• [Information provided]

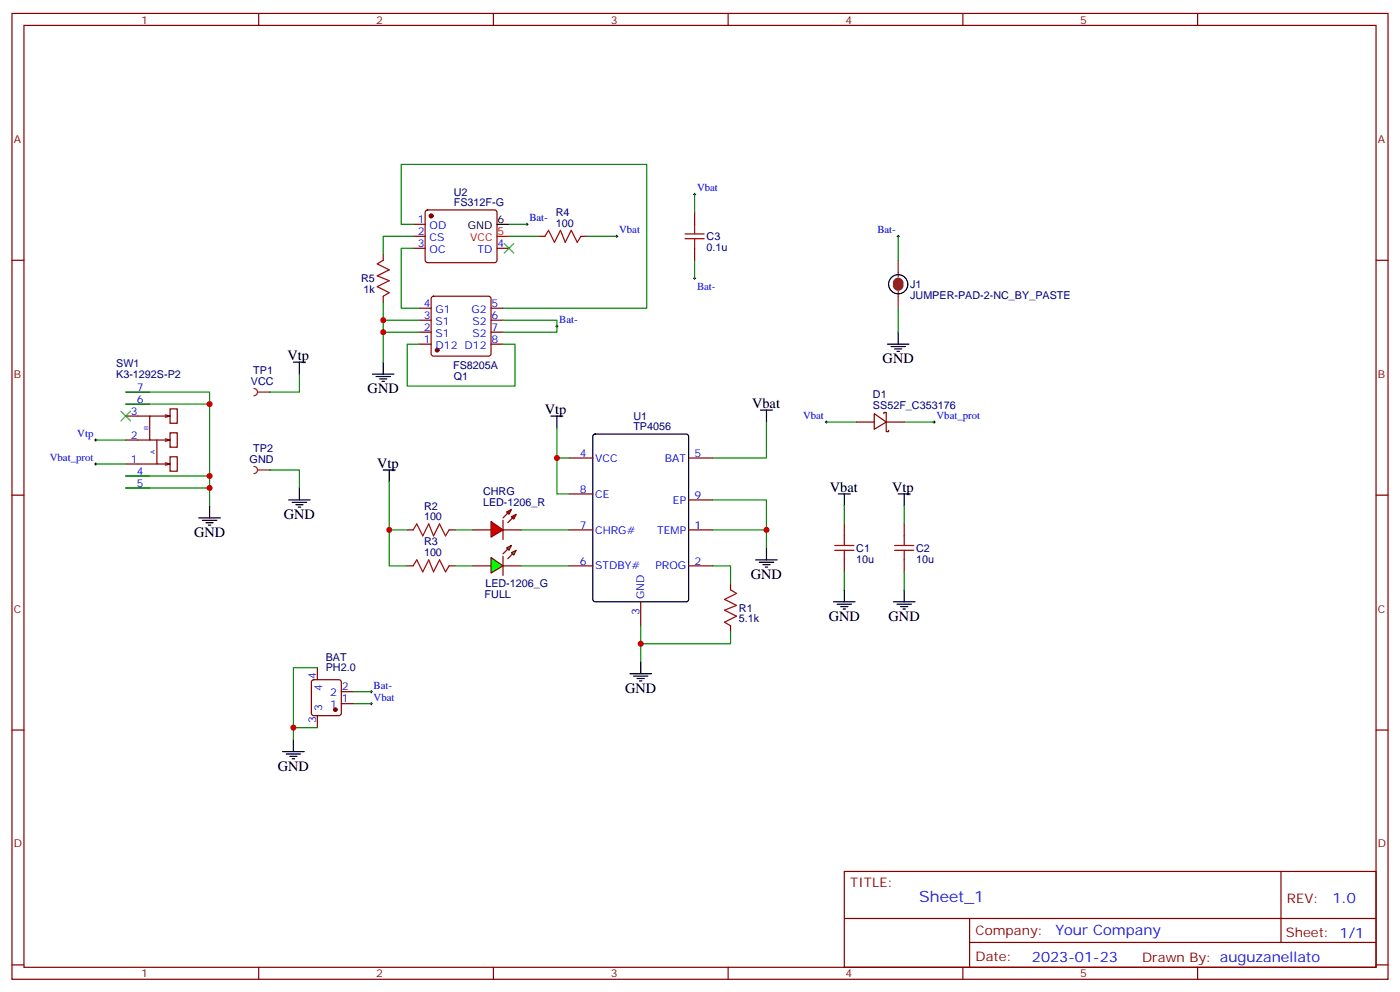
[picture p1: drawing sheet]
<svg xmlns="http://www.w3.org/2000/svg" width="412mm" height="292mm" viewBox="0 0 412 292" stroke-linecap="round" stroke-linejoin="round" font-family="sans-serif">
<g fill="none" stroke="#870000" stroke-width=".35">
<path d="M3.5 4h405.4v284.3h-405.4zM7.1 7.5h398.2v277.3h-398.2zM76.2 4v3.5M145.3 4v3.5M214.5 4v3.5M283.6 4v3.5M352.8 4v3.5M3.5 76.6h3.6M405.3 76.6h3.6M167.6 134.8h7M202.8 134.8h7.1M3.5 145.8h3.6"/>
<path d="M167.6 156h7M167.6 145.4h7M202.8 156h7.1M202.8 147.2h7.1M405.3 145.8h3.6M167.6 166.6h7M188.7 177.2v7M202.8 166.6h7.1M3.5 214.9h3.6M405.3 214.9h3.6M248.7 256.5h156.6v28.3h-156.6zM377.3 256.6v20.8"/>
<path d="M248.7 270.4h156.5M285.6 277.4h119.6M285.6 270.4v14.1M3.5 284.1h3.6M76.2 284.8v3.5M145.3 284.8v3.5M214.5 284.8v3.5M283.6 284.8v3.5M352.8 284.8v3.5M405.3 284.1h3.6"/>
</g>
<path d="M174.9 128l.4-.2h26.8l.7 .4v48.3l-.4 .6-27.1 .1-.6-.5-.1-48.2z" fill="none" stroke="#000" stroke-width=".35"/>
<path d="M74.8 114.4a1.06 1.06 0 0 1 1 1 1.06 1.06 0 0 1-1 1.1M75.8 115.4h3.6" fill="none" stroke="#8c2424" stroke-width=".35"/>
<circle cx="79.4" cy="115.4" r=".18" fill="#8c2424"/>
<path d="M74.8 137.3a1.06 1.06 0 0 1 1 1.1 1.06 1.06 0 0 1-1 1M75.8 138.4h3.6" fill="none" stroke="#8c2424" stroke-width=".35"/>
<circle cx="79.4" cy="138.4" r=".18" fill="#8c2424"/>
<g fill="none" stroke="#000" stroke-width=".35">
<path d="M86.4 106.6h3.6M88.2 106.6v3.5M162.3 122.5h3.5M164 122.5v3.5M224 120.7h3.5M225.8 120.7v3.5M85 147.2h6.4M86.1 147.9h4.2M87.1 148.6h2.2M87.8 149.3h.7M88.2 143.7v3.5M222.6 164.8h6.4"/>
<path d="M223.7 165.5h4.2M224.7 166.2h2.1M225.4 166.9h.7M225.8 161.3v3.5M185.6 198.3h6.3M186.6 199h4.3M187.7 199.7h2.1M188.7 194.8v3.5M188.4 200.4h.7"/>
</g>
<path d="M88.2 110.1v5.3h-8.8M79.4 138.4h8.8v5.3M164 126v8.8h3.6M225.8 124.2v10.6h-15.9M209.9 156h15.9v5.3M209.9 166.6h5.3v5.3M188.7 184.2v10.6M215.2 186v3.5h-26.5" fill="none" stroke="#008700" stroke-width=".35"/>
<path d="M215.2 173.6l1.8 1.1-3.6 1.8 3.6 1.7-3.6 1.4 3.6 1.8-3.6 1.8 1.8 1" fill="none" stroke="#a10000" stroke-width=".35"/>
<path d="M139.3 166.6h5.3M148.2 166.6h5.3M215.2 171.9v1.7M215.2 184.2v1.8" fill="none" stroke="#870000" stroke-width=".35"/>
<path d="M27.9 136.6h.7M28.2 136.2v.7M243.1 124.2h.7M243.4 123.9v.7M274.8 124.2h.7M275.2 123.9v.7" fill="none" stroke="#000" stroke-width=".29"/>
<g fill="#0f0" stroke="#870000" stroke-width=".35">
<path d="M150.6 162.7l1.4-.7-.7 1.4z"/>
<path d="M149.2 161.3l1.4-.7-.7 1.4z"/>
</g>
<g fill="#870000" stroke="#870000" stroke-width=".35">
<path d="M149.6 164.5l1.4-1.4z"/>
<path d="M148.2 163.1l1.4-1.5z"/>
</g>
<path d="M148.2 163.8v5.6z" fill="#f00" stroke="#870000" stroke-width=".35"/>
<path d="M144.6 164.1l3.6 2.5-3.6 2.1z" fill="#0f0" stroke="#870000" stroke-width=".35"/>
<path d="M164 134.8v10.6h3.6" fill="none" stroke="#008700" stroke-width=".35"/>
<g fill="#f00" stroke="#870000" stroke-width=".35">
<path d="M144.6 153.5l3.6 2.5-3.6 2.1z"/>
<path d="M148.2 153.2v5.6z"/>
</g>
<g fill="#870000" stroke="#870000" stroke-width=".35">
<path d="M149.6 151.1l-1.4 1.4z"/>
<path d="M149.6 153.9l1.4-1.4z"/>
</g>
<g fill="#f00" stroke="#870000" stroke-width=".35">
<path d="M149.2 150.7l1.4-.7-.7 1.4z"/>
<path d="M150.6 152.1l1.4-.7-.7 1.4z"/>
</g>
<g fill="none" stroke="#870000" stroke-width=".35">
<path d="M112.9 74.9v1.7M121.7 66h3.5M121.7 69.6h3.5M121.7 73.1h3.5M125.5 62l.4-.2h19.8l.5 .2 .2 .5-.1 14.4-.6 .4h-20l-.5-.7v-14.1zM146.4 73.1h3.5M158.7 69.6h1.8M171.1 69.6h1.8M204.6 62.5v3.5M204.6 73.1v3.5M112.9 87.2v1.8M123.5 97.8h3.5"/>
<path d="M123.5 94.3h3.5M123.5 90.7h3.5M127.2 87.4l.5-.2h16.2l.5 .2 .2 .5v16.2l-.2 .5-.5 .2h-16.2l-.5-.2-.2-.5v-16.2zM144.6 97.8h3.6M144.6 94.3h3.6M144.6 90.7h3.6M37 119h7.1M37 115.4h7.1M123.5 101.3h3.5M144.6 101.3h3.6M37 122.5h7.1M37 129.5h7.1"/>
<path d="M37 136.6h9.2M46.2 129.5v7.1h3.9M48.7 136.2l1.4 .4M48.7 129.2l1.4 .3M48.7 122.1l1.4 .4M50.1 134.5h2.1v4.2h-2.1zM50.1 127.4h2.1v4.3h-2.1zM50.1 120.4h2.1v4.2h-2.1zM50.1 122.5h-6v7h6M50.1 136.6l-1.4 .3M50.1 129.5l-1.4 .4M50.1 122.5l-1.4 .3"/>
<path d="M252.2 124.2h5.3M257.5 121.8l3.6 2.4-3.6 2.2zM260.3 121.8v-.4h.8v5.7h.7v-.4M261.1 124.2h5.2M37 140.1h7.1M37 143.7h7.1M119.9 156h1.8M132.3 156h1.8M139.3 156h5.3M148.2 156h5.3M248.7 154.2v3.6M266.3 154.2v3.6"/>
<path d="M119.9 166.6h1.8M132.3 166.6h1.8M248.7 164.8v3.5M266.3 164.8v3.5M93.5 196.6v3.5M92 200.3l.4-.2h7.4l.5 .2 .2 .5v9.2l-.2 .5-.5 .2h-7.4l-.5-.3-.2-.4v-9.2zM93.5 210.7v3.5M100.5 203.6h3.6M100.5 207.2h3.6"/>
</g>
<g fill="none" stroke="#008700" stroke-width=".35">
<path d="M204.6 57.2v5.3M121.7 73.1h-3.5v17.6h5.3M121.7 66h-3.5v-17.6h72.3v42.3h-42.3M121.7 69.6h-8.8v5.3M149.9 69.6h8.8M149.9 66h5.3M172.9 69.6h8.8M204.6 76.6v5.3M264.6 69.6v7M112.9 97.8h10.6M112.9 89v5.3M123.5 94.3h-10.6v12.3"/>
<path d="M148.2 94.3h15.8v3.5h-15.8M264.6 90.7v7.1M37 119h24.7v21.1M37 115.4h24.7v3.6M123.5 101.3h-3.6v12.4h31.8v-12.4h-3.5M28.2 129.5h8.8M28.2 136.6h8.8M243.4 124.2h8.8M266.3 124.2h8.9M37 143.7h24.7v5.2M37 140.1h24.7v3.6M114.7 141.9v14.1h5.2"/>
<path d="M114.7 156v10.6h5.2M134.1 156h5.2M153.5 156h14.1M209.9 147.2h15.9v8.8M248.7 148.9v5.3M266.3 148.9v5.3M134.1 166.6h5.2M153.5 166.6h14.1M248.7 168.3v5.3M266.3 168.3v5.3M93.5 196.6h-7.1v21.1M86.4 214.2h7.1"/>
<path d="M104.1 207.2h5.3M104.1 203.6h5.3"/>
</g>
<g fill="none" stroke="#a10000" stroke-width=".35">
<path d="M112.9 76.6l-1.8 1.1 3.6 1.7-3.6 1.8 3.6 1.4-3.6 1.8 3.6 1.7-1.8 1.1M160.5 69.6l1.1-1.8 1.7 3.5 1.8-3.5 1.4 3.5 1.8-3.5 1.7 3.5 1.1-1.7M201.8 70.3h5.6M201.8 68.9h5.6M204.6 66v2.9M204.6 70.3v2.8M121.7 156l1.1-1.8 1.7 3.6 1.8-3.6 1.4 3.6 1.8-3.6 1.7 3.6 1.1-1.8M248.7 157.8v2.8M266.3 157.8v2.8M121.7 166.6l1.1-1.8 1.7 3.5 1.8-3.5 1.4 3.5 1.8-3.5 1.7 3.5 1.1-1.7M245.9 162h5.6M245.9 160.6h5.6"/>
<path d="M248.7 162v2.8M263.5 162h5.7M263.5 160.6h5.7M266.3 162v2.8"/>
</g>
<g fill="none" stroke="#000" stroke-width=".35">
<path d="M146.4 66h3.5M264.6 97.8v3.5M109.7 110.1h6.4M110.8 110.8h4.2M111.8 111.5h2.1M112.5 112.3h.7M112.9 106.6v3.5M261.4 101.3h6.4M262.5 102h4.2M263.5 102.7h2.1M264.2 103.4h.7M112.9 138.4h3.5"/>
<path d="M114.7 138.4v3.5M58.6 152.5h6.3M59.6 153.2h4.3M60.7 153.9h2.1M61.4 154.6h.7M61.7 148.9v3.6M246.9 145.4h3.6M248.7 145.4v3.5M264.6 145.4h3.5M266.3 145.4v3.5M245.5 177.2h6.4M246.6 177.9h4.2"/>
<path d="M247.6 178.6h2.2M248.4 179.3h.7M248.7 173.6v3.6M263.2 177.2h6.3M264.2 177.9h4.3M265.3 178.6h2.1M266 179.3h.7M266.3 173.6v3.6M86.4 217.7v3.6M83.3 221.3h6.3M84.3 222h4.2M85.4 222.7h2.1"/>
<path d="M86.1 223.4h.7"/>
<circle cx="264.6" cy="83.7" r="2.82"/>
</g>
<g fill="none" stroke="#000" stroke-width=".29">
<path d="M204.3 57.2h.7M204.6 56.9v.7M154.9 66h.7M155.2 65.7v.7M181.3 69.6h.7M181.7 69.2v.7M264.2 69.6h.7M264.6 69.2v.7M163.7 96h.7M164 95.7v.7M204.3 81.9h.7M204.6 81.6v.7"/>
<path d="M27.9 129.5h.7M28.2 129.2v.7M109 207.2h.7M109 203.6h.7M109.4 203.3v.7M109.4 206.8v.7"/>
</g>
<g fill="#870000" stroke="#870000" stroke-width=".35">
<circle cx="127" cy="63.6" r=".53"/>
<circle cx="128.8" cy="103.1" r=".53"/>
<circle cx="98.8" cy="208.9" r=".53"/>
</g>
<path d="M146.4 69.6h3.5" fill="none" stroke="#f00" stroke-width=".35"/>
<path d="M148.5 71.7l2.8 2.8M151.3 71.7l-2.8 2.8M35.6 121.1l2.9 2.8M38.5 121.1l-2.9 2.8" fill="none" stroke="#3c3" stroke-width=".35"/>
<path d="M263.9 83.3a.71 .71 0 0 1 .7-.7 .71 .71 0 0 1 .7 .7M263.9 84a.71 .71 0 0 0 .7 .7 .71 .71 0 0 0 .7-.7" fill="none" stroke="#8c2424" stroke-width="1.8"/>
<path d="M264.6 76.6v5M264.6 85.8v4.9" fill="none" stroke="#8c2424" stroke-width=".35"/>
<g fill="#c00">
<circle cx="188.7" cy="189.5" r=".88"/>
<circle cx="164" cy="134.8" r=".88"/>
<circle cx="114.7" cy="156" r=".88"/>
<circle cx="225.8" cy="156" r=".88"/>
<circle cx="61.7" cy="143.7" r=".88"/>
<circle cx="61.7" cy="140.1" r=".88"/>
<circle cx="61.7" cy="119" r=".88"/>
<circle cx="112.9" cy="97.8" r=".88"/>
<circle cx="112.9" cy="94.3" r=".88"/>
<circle cx="86.4" cy="214.2" r=".88"/>
</g>
<text font-size="4.6" fill="#00f" x="270.8" y="265.6">Sheet_1</text>
<g font-size="4.2">
<text x="84.7" y="105.9">Vtp</text>
<text x="260" y="107">GND</text>
<text x="108.3" y="115.8">GND</text>
<text x="160.5" y="121.8">Vtp</text>
<text x="221.5" y="120">Vbat</text>
<text x="111.1" y="137.7">Vtp</text>
<text x="244.5" y="144.7">Vbat</text>
<text x="262.8" y="144.7">Vtp</text>
<text x="83.6" y="152.8">GND</text>
<text x="57.1" y="158.1">GND</text>
<text x="221.2" y="170.5">GND</text>
<text x="244.1" y="182.8">GND</text>
<text x="261.8" y="182.8">GND</text>
<text x="184.1" y="204">GND</text>
<text x="81.8" y="226.9">GND</text>
</g>
<g font-size="4.2" fill="#00f">
<text x="392.5" y="265.8">1.0</text>
<text x="310.9" y="275.4">Your Company</text>
<text x="304" y="283.2">2023-01-23</text>
</g>
<g font-size="3.9" fill="#800">
<text x="250.5" y="261.1">TITLE:</text>
<text x="379.1" y="265.8">REV:</text>
<text x="287.4" y="275.3">Company:</text>
<text x="378.7" y="275.9">Sheet: 1/1</text>
<text x="287.4" y="283">Date:</text>
<text x="336.4" y="283.1">Draw</text>
<text x="346.6" y="283.1">n By: auguzanellato</text>
</g>
<g font-size="3.2" fill="#800">
<text x="41.6" y="6.9">1</text>
<text x="110.8" y="6.9">2</text>
<text x="179.9" y="6.9">3</text>
<text x="249.1" y="6.9">4</text>
<text x="318.2" y="6.9">5</text>
<text x="4.1" y="42.1">A</text>
<text x="405.9" y="42.1">A</text>
<text x="4.1" y="111.2">B</text>
<text x="405.9" y="111.2">B</text>
<text x="4.1" y="180.3">C</text>
<text x="405.9" y="180.3">C</text>
<text x="4.1" y="249.5">D</text>
<text x="405.9" y="249.5">D</text>
<text x="41.6" y="287.8">1</text>
<text x="110.8" y="287.8">2</text>
<text x="179.9" y="287.8">3</text>
<text x="249.1" y="287.8">4</text>
<text x="318.2" y="287.8">5</text>
</g>
<g font-size="3.2" fill="#000080">
<text x="133.7" y="57.6">U2</text>
<text x="133.7" y="60.7">FS312F-G</text>
<text x="163.7" y="63.6">R4</text>
<text x="163.7" y="66.7">100</text>
<text x="208.1" y="70.7">C3</text>
<text x="208.1" y="73.9">0.1u</text>
<text x="106.4" y="83">R5</text>
<text x="107.1" y="86.3">1k</text>
<text x="268.1" y="88">JUMPER-PAD-2-NC_BY_PASTE</text>
<text x="268.1" y="84.8">J1</text>
<text x="34.2" y="111.3">K3-1292S-P2</text>
<text x="34.2" y="108.1">SW1</text>
<text x="73.9" y="113.3">VCC</text>
<text x="74.6" y="110.1">TP1</text>
<text x="133.5" y="108.5">FS8205A</text>
<text x="133.7" y="111.7">Q1</text>
<text x="257.2" y="117.1">D1</text>
<text x="186.6" y="123.5">U1</text>
<text x="257.2" y="120.4">SS52F_C353176</text>
<text x="186.6" y="126.7">TP4056</text>
<text x="73.5" y="136.2">GND</text>
<text x="74.6" y="133.1">TP2</text>
<text x="124.9" y="150">R2</text>
<text x="142.3" y="148.9">LED-1206_R</text>
<text x="142.3" y="145.8">CHRG</text>
<text x="124.9" y="153.2">100</text>
<text x="124.9" y="160.6">R3</text>
<text x="124.9" y="163.8">100</text>
<text x="252.2" y="165.6">10u</text>
<text x="252.2" y="162.4">C1</text>
<text x="269.9" y="165.6">10u</text>
<text x="269.9" y="162.4">C2</text>
<text x="143" y="172.9">LED-1206_G</text>
<text x="142.8" y="176.1">FULL</text>
<text x="217.7" y="183.2">5.1k</text>
<text x="217.7" y="180">R1</text>
<text x="96" y="197.7">PH2.0</text>
<text x="96" y="194.5">BAT</text>
</g>
<g font-size="3.2" fill="#00f">
<text x="205.3" y="56.3">Vbat</text>
<text x="123" y="65.7">1</text>
<text x="155.9" y="65.2">Bat-</text>
<text x="123" y="69.2">2</text>
<text x="126.5" y="67.5">OD</text>
<text x="126.5" y="71">CS</text>
<text x="182.4" y="68.7">Vbat</text>
<text x="258.4" y="68.7">Bat-</text>
<text x="123" y="72.7">3</text>
<text x="126.5" y="74.5">OC</text>
<text x="140.7" y="74.5">TD</text>
<text x="146.6" y="72.7">4</text>
<text x="205.3" y="85.3">Bat-</text>
<text x="124.8" y="93.9">3</text>
<text x="124.8" y="90.4">4</text>
<text x="128.3" y="95.7">S1</text>
<text x="128.3" y="92.1">G1</text>
<text x="138.9" y="92.1">G2</text>
<text x="139.1" y="95.7">S2</text>
<text x="144.8" y="90.4">5</text>
<text x="144.8" y="93.9">6</text>
<text x="164.7" y="95.1">Bat-</text>
<text x="124.8" y="101">1</text>
<text x="124.8" y="97.4">2</text>
<text x="128.3" y="99.2">S1</text>
<text x="139.1" y="99.2">S2</text>
<text x="144.8" y="97.4">7</text>
<text x="144.8" y="101">8</text>
<text x="128.3" y="102.7">D12 D12</text>
<text x="40.3" y="118.6">6</text>
<text x="40.3" y="115.1">7</text>
<text x="38.6" y="122.1">3</text>
<text x="236.6" y="123.4">Vbat</text>
<text x="275.9" y="123.4">Vbat_prot</text>
<text x="22.8" y="128.7">Vtp</text>
<text x="38.6" y="129.2">2</text>
<text x="14.7" y="135.7">Vbat_prot</text>
<text x="38.6" y="136.2">1</text>
<text x="170.8" y="134.5">4</text>
<text x="175.3" y="135.9">VCC</text>
<text x="195.8" y="135.9">BAT</text>
<text x="204.6" y="134.5">5</text>
<text x="40.3" y="139.8">4</text>
<text x="40.3" y="143.3">5</text>
<text x="170.8" y="145.1">8</text>
<text x="175.3" y="146.5">CE</text>
<text x="198.2" y="148.2">EP</text>
<text x="204.6" y="146.8">9</text>
<text x="170.8" y="155.6">7</text>
<text x="204.6" y="155.6">1</text>
<text x="175.3" y="157.1">CHRG#</text>
<text x="193.6" y="157.1">TEMP</text>
<text x="170.8" y="166.2">6</text>
<text x="175.3" y="167.6">STDBY#</text>
<text x="193.1" y="167.6">PROG</text>
<text x="204.6" y="166.2">2</text>
<text x="189.8" y="176.5" transform="rotate(-90 189.8 176.5)">GND</text>
<text x="188.4" y="180.9" transform="rotate(-90 188.4 180.9)">3</text>
<text x="93.1" y="199.9" transform="rotate(-90 93.1 199.9)">4</text>
<text x="94.9" y="203.4" transform="rotate(-90 94.9 203.4)">4</text>
<text x="100.7" y="203.3">2</text>
<text x="110.1" y="202.7">Bat-</text>
<text x="94.9" y="209.4" transform="rotate(-90 94.9 209.4)">3</text>
<text x="97.2" y="205">2</text>
<text x="97.2" y="208.6">1</text>
<text x="100.7" y="206.8">1</text>
<text x="110.1" y="206.3">Vbat</text>
<text x="93.1" y="212.9" transform="rotate(-90 93.1 212.9)">3</text>
</g>
<g font-size="3.2">
<text x="146.6" y="65.7">6</text>
<text x="137.8" y="67.5">GND</text>
</g>
<g font-size="3.2" fill="#f00">
<text x="138.5" y="71">VCC</text>
<text x="146.6" y="69.2">5</text>
</g>
<g font-size="1.8" fill="#00f">
<text x="43.7" y="126.7" transform="rotate(-90 43.7 126.7)">B</text>
<text x="45.6" y="133.8" transform="rotate(-90 45.6 133.8)">A</text>
</g>
</svg>

• [Exercise description] Lines from the start of the listing above through the line holding "166.6h5.3M148.2 166.6h5.3M215.2 171.9v1.7M215.2" are to be duplicated exactly, and nothing more; leave out the pictures.

• [Expected answer]
[picture p1: drawing sheet]
<svg xmlns="http://www.w3.org/2000/svg" width="412mm" height="292mm" viewBox="0 0 412 292" stroke-linecap="round" stroke-linejoin="round" font-family="sans-serif">
<g fill="none" stroke="#870000" stroke-width=".35">
<path d="M3.5 4h405.4v284.3h-405.4zM7.1 7.5h398.2v277.3h-398.2zM76.2 4v3.5M145.3 4v3.5M214.5 4v3.5M283.6 4v3.5M352.8 4v3.5M3.5 76.6h3.6M405.3 76.6h3.6M167.6 134.8h7M202.8 134.8h7.1M3.5 145.8h3.6"/>
<path d="M167.6 156h7M167.6 145.4h7M202.8 156h7.1M202.8 147.2h7.1M405.3 145.8h3.6M167.6 166.6h7M188.7 177.2v7M202.8 166.6h7.1M3.5 214.9h3.6M405.3 214.9h3.6M248.7 256.5h156.6v28.3h-156.6zM377.3 256.6v20.8"/>
<path d="M248.7 270.4h156.5M285.6 277.4h119.6M285.6 270.4v14.1M3.5 284.1h3.6M76.2 284.8v3.5M145.3 284.8v3.5M214.5 284.8v3.5M283.6 284.8v3.5M352.8 284.8v3.5M405.3 284.1h3.6"/>
</g>
<path d="M174.9 128l.4-.2h26.8l.7 .4v48.3l-.4 .6-27.1 .1-.6-.5-.1-48.2z" fill="none" stroke="#000" stroke-width=".35"/>
<path d="M74.8 114.4a1.06 1.06 0 0 1 1 1 1.06 1.06 0 0 1-1 1.1M75.8 115.4h3.6" fill="none" stroke="#8c2424" stroke-width=".35"/>
<circle cx="79.4" cy="115.4" r=".18" fill="#8c2424"/>
<path d="M74.8 137.3a1.06 1.06 0 0 1 1 1.1 1.06 1.06 0 0 1-1 1M75.8 138.4h3.6" fill="none" stroke="#8c2424" stroke-width=".35"/>
<circle cx="79.4" cy="138.4" r=".18" fill="#8c2424"/>
<g fill="none" stroke="#000" stroke-width=".35">
<path d="M86.4 106.6h3.6M88.2 106.6v3.5M162.3 122.5h3.5M164 122.5v3.5M224 120.7h3.5M225.8 120.7v3.5M85 147.2h6.4M86.1 147.9h4.2M87.1 148.6h2.2M87.8 149.3h.7M88.2 143.7v3.5M222.6 164.8h6.4"/>
<path d="M223.7 165.5h4.2M224.7 166.2h2.1M225.4 166.9h.7M225.8 161.3v3.5M185.6 198.3h6.3M186.6 199h4.3M187.7 199.7h2.1M188.7 194.8v3.5M188.4 200.4h.7"/>
</g>
<path d="M88.2 110.1v5.3h-8.8M79.4 138.4h8.8v5.3M164 126v8.8h3.6M225.8 124.2v10.6h-15.9M209.9 156h15.9v5.3M209.9 166.6h5.3v5.3M188.7 184.2v10.6M215.2 186v3.5h-26.5" fill="none" stroke="#008700" stroke-width=".35"/>
<path d="M215.2 173.6l1.8 1.1-3.6 1.8 3.6 1.7-3.6 1.4 3.6 1.8-3.6 1.8 1.8 1" fill="none" stroke="#a10000" stroke-width=".35"/>
<path d="M139.3 166.6h5.3M148.2 166.6h5.3M215.2 171.9v1.7M215.2 184.2v1.8" fill="none" stroke="#870000" stroke-width=".35"/>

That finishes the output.